How muscle work and power scale determines, in part, the scaling of movement performance. Muscle-mass-specific work is predicted to remain constant across a range of scales, assuming geometric similarity, while muscle-mass-specific power is expected to decrease with increasing scale. I tested these predictions by examining muscle morphology and contractile properties of plantaris muscles from frogs ranging in mass from 1.28 to 20.60 g. Scaling of muscle work and power was examined using both linear regression on log10-transformed data (LR) and non-linear regressions on untransformed data (NLR). In LR, muscle-mass-specific work decreased with increasing scale, but this is counteracted by a positive allometry of muscle mass to predict constant movement performance at all scales. These relationships were non-significant in NLR, though scaling with geometric similarity also predicts constant jump performance across scales. Both intrinsic shortening velocity and muscle-mass-specific power were positively allometric in both types of analysis. However, these differences between methods are caused not by large changes in scaling slopes, but by changing levels of statistical significance using corrections for multiple tests. The dependence of these conclusions on the method of regression, largely because of the setting and adjusting of an arbitrary alpha, demonstrates the importance of careful consideration of statistical methods when analyzing patterns of scaling. Nonetheless, scale accounts for little variation in contractile properties over the range of scales examined, indicating that other sources of intraspecific variation may be more important in determining muscle performance and its effects on movement.

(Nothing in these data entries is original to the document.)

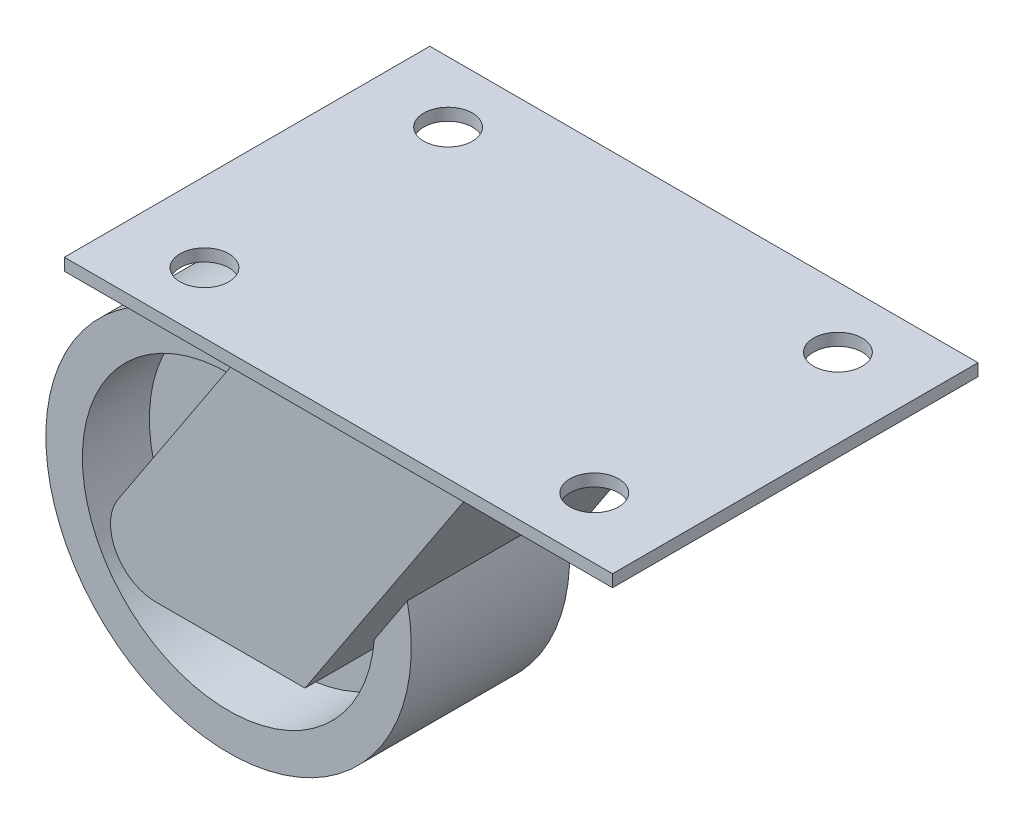
SolidWorks part; units mm, degrees
ref_plane "Alzado" through (0, 0, 0) normal (0, 0, 1) x (1, 0, 0)
ref_plane "Planta" through (0, 0, 0) normal (0, 1, 0) x (1, 0, 0)
ref_plane "Vista lateral" through (0, 0, 0) normal (1, 0, 0) x (0, 0, -1)
sketch "Croquis1" plane through (0, 0, 0) normal (0, 0, 1) x (1, 0, 0)
  circle A0 centre (0, 0) radius 15
  dimension "D1" = 30
extrude "Extruir-Lámina1" add sketch "Croquis1" along normal mid plane 13 thin thin type one direction reverse wall 3
sketch "Croquis2" plane through (0, 0, 0) normal (0, 0, 1) x (1, 0, 0)
  circle A0 centre (0, 0) radius 5
  dimension "D1" = 10
extrude "Saliente-Extruir1" add sketch "Croquis2" along normal mid plane 13 separate body
sketch "Croquis3" plane through (0, 0, 0) normal (0, 0, 1) x (1, 0, 0)
  circle A0 centre (0, 0) radius 12.5
  dimension "D1" = 25
extrude "Saliente-Extruir2" add sketch "Croquis3" along normal mid plane 2 contours A0
sketch "Croquis4" plane through (0, 0, 0) normal (0, 0, 1) x (1, 0, 0)
  circle A0 centre (0, 0) radius 2
  dimension "D1" = 4
extrude "Saliente-Extruir3" add sketch "Croquis4" along normal mid plane 22
sketch "Croquis6" plane through (0, 0, 11) normal (0, 0, 1) x (1, 0, 0)
  line L4 (0, 0) -> (6.873, 0) construction
  line L9 (-4.5819, 2.978) -> (7.9497, 22)
  line L10 (-1.4926, -2.7567) -> (10.7769, -2.7567)
  line L11 (7.9497, 22) -> (27.0863, 22)
  line L12 (10.7769, -2.7567) -> (27.0863, 22)
  arc A1 (-1.4926, -2.7567) -> (-4.5819, 2.978) centre (-1.4926, 0.9428) cw
extrude "Saliente-Extruir4" add sketch "Croquis6" against normal through all
sketch "Croquis7" plane through (0, 22, 0) normal (0, 1, 0) x (1, 0, 0)
  line L0 (7.9497, 11) -> (7.9497, -11) construction
  line L1 (40.0197, -15) -> (-4.9803, -15)
  line L2 (40.0197, -15) -> (40.0197, 15)
  line L3 (40.0197, 15) -> (-4.9803, 15)
  line L4 (-4.9803, -15) -> (-4.9803, 15)
  line L5 (40.0197, -15) -> (-4.9803, 15) construction
  line L6 (40.0197, 15) -> (-4.9803, -15) construction
  line L7 (17.5197, 8.1325) -> (17.5197, 0) construction
  line L8 (17.5197, 0) -> (25.5365, 0) construction
  circle A0 centre (33.5197, 10) radius 2
  circle A1 centre (1.5197, 10) radius 2
  circle A2 centre (33.5197, -10) radius 2
  circle A3 centre (1.5197, -10) radius 2
  point P0 (17.5197, 0)
  point P15 (21.8588, 11)
  dimension "D4" = 4
  dimension "D1" = 9.57
  dimension "D2" = 30
  dimension "D3" = 45
  dimension "D5" = 10
  dimension "D6" = 16
extrude "Saliente-Extruir5" add sketch "Croquis7" against normal blind 1
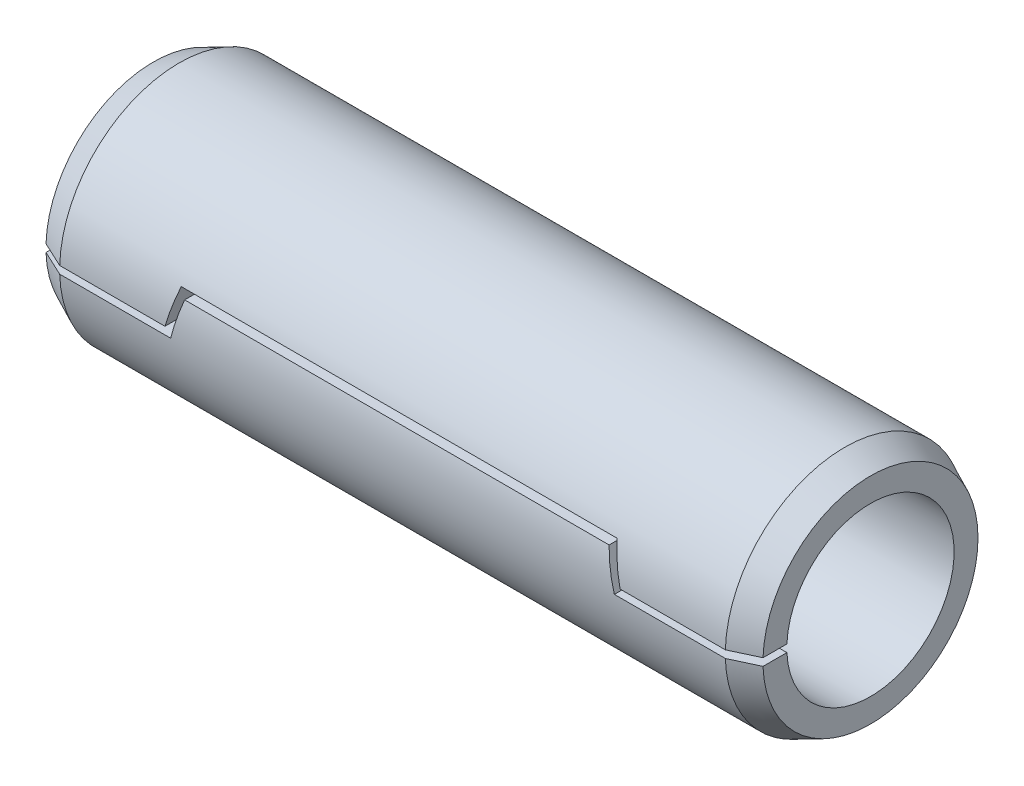
SolidWorks part; units mm, degrees
material "Plain Carbon Steel"
ref_plane "Front" through (0, 0, 0) normal (0, 0, 1) x (1, 0, 0)
ref_plane "Top" through (0, 0, 0) normal (0, 1, 0) x (1, 0, 0)
ref_plane "Right" through (0, 0, 0) normal (1, 0, 0) x (0, 0, -1)
sketch "Sketch1" plane through (0, 0, 0) normal (0, 0, 1) x (1, 0, 0)
  line L0 (-12, 0) -> (12, 0) construction
  line L1 (-12, 2.8) -> (12, 2.8)
  line L2 (12, 2.8) -> (12, 3.5992)
  line L3 (12, 3.5992) -> (11.1405, 4)
  line L4 (11.1405, 4) -> (-11.1405, 4)
  line L5 (-11.1405, 4) -> (-12, 3.5992)
  line L6 (-12, 3.5992) -> (-12, 2.8)
  line L7 (0, 4) -> (0, 2.8) construction
  dimension "L" = 24
  dimension "T" = 1.2
  dimension "OD" = 8
  dimension "D4" = 25
  dimension "D1" = 0.7992
revolve "Revolve1" add sketch "Sketch1" angle 360 about L0
sketch "Sketch2" plane through (0, 0, 0) normal (0, 0, 1) x (1, 0, 0)
  line L0 (-12, 0) -> (-7.5215, 0)
  line L1 (-7.5215, 0) -> (-7.2, 1.2)
  line L2 (-7.2, 1.2) -> (7.2, 1.2)
  line L3 (7.2, 1.2) -> (7.5215, 0)
  line L4 (7.5215, 0) -> (12, 0)
  line L5 (-12, 3.5992) -> (-12, -3.5992) construction
  line L6 (12, -3.5992) -> (12, 3.5992) construction
  line L7 (0, 0) -> (0, 1.2) construction
  dimension "D1" = 15
  dimension "D2" = 1.2
  dimension "D3" = 14.4
extrude "Cut-Extrude-Thin1" cut sketch "Sketch2" along normal through all thin thin type mid plane wall 0.25
sketch "Sketch3" plane through (-12, 0, 0) normal (-1, 0, 0) x (0, 0, 1)
  circle A0 centre (0, 0) radius 4
  arc A1 (3.998, 0.125) -> (3.998, -0.125) centre (0, 0) ccw construction
equation "\"D1@Sketch1\" = \"T@Sketch1\"*.666"
equation "\"D2@Sketch2\" = \"T@Sketch1\""
equation "\"D3@Sketch2\" = \"L@Sketch1\"*.6"

Elastic recoil used for power amplification is most often found in smaller animals, suggesting that performance in larger animals using less elastic recoil would be affected more by changing temperatures. To examine the interaction between scale and temperature on performance, I recorded jumps from 1-34 g Cuban tree frogs (Osteopilus septentrionalis) at 10, 20, and 30°C and compared jump performance to predictions based on the effects of temperature and scaling on muscle properties. High muscle-mass-specific power requirements from measured jumps indicate that frogs use elastic recoil at all scales to achieve performance that would be impossible using only muscle, and elastic recoil allows small frogs to achieve the same level of performance as large frogs. Performance that is greater at all temperatures than predictions from models using only muscle power could result from some combination of elastic recoil and power directly from muscle. The relative contributions of muscle power and elastic recoil cannot be discerned by examining temperature effects on performance because these effects are predicted to be so similar. Predicted performance from models of elastic recoil is significantly affected by changing temperature at all scales with temperature coefficient (Q10) values similar to predictions for muscle-powered jumping. Measured Q10 values are similar to those from both predictive models and there is no interaction between temperature and scale. Therefore, elastic recoil allows for jump performance that could not be achieved by muscle power alone at all temperatures and scales, but performance predictions from elastic recoil are not more thermally robust than predictions for muscle-powered jumping.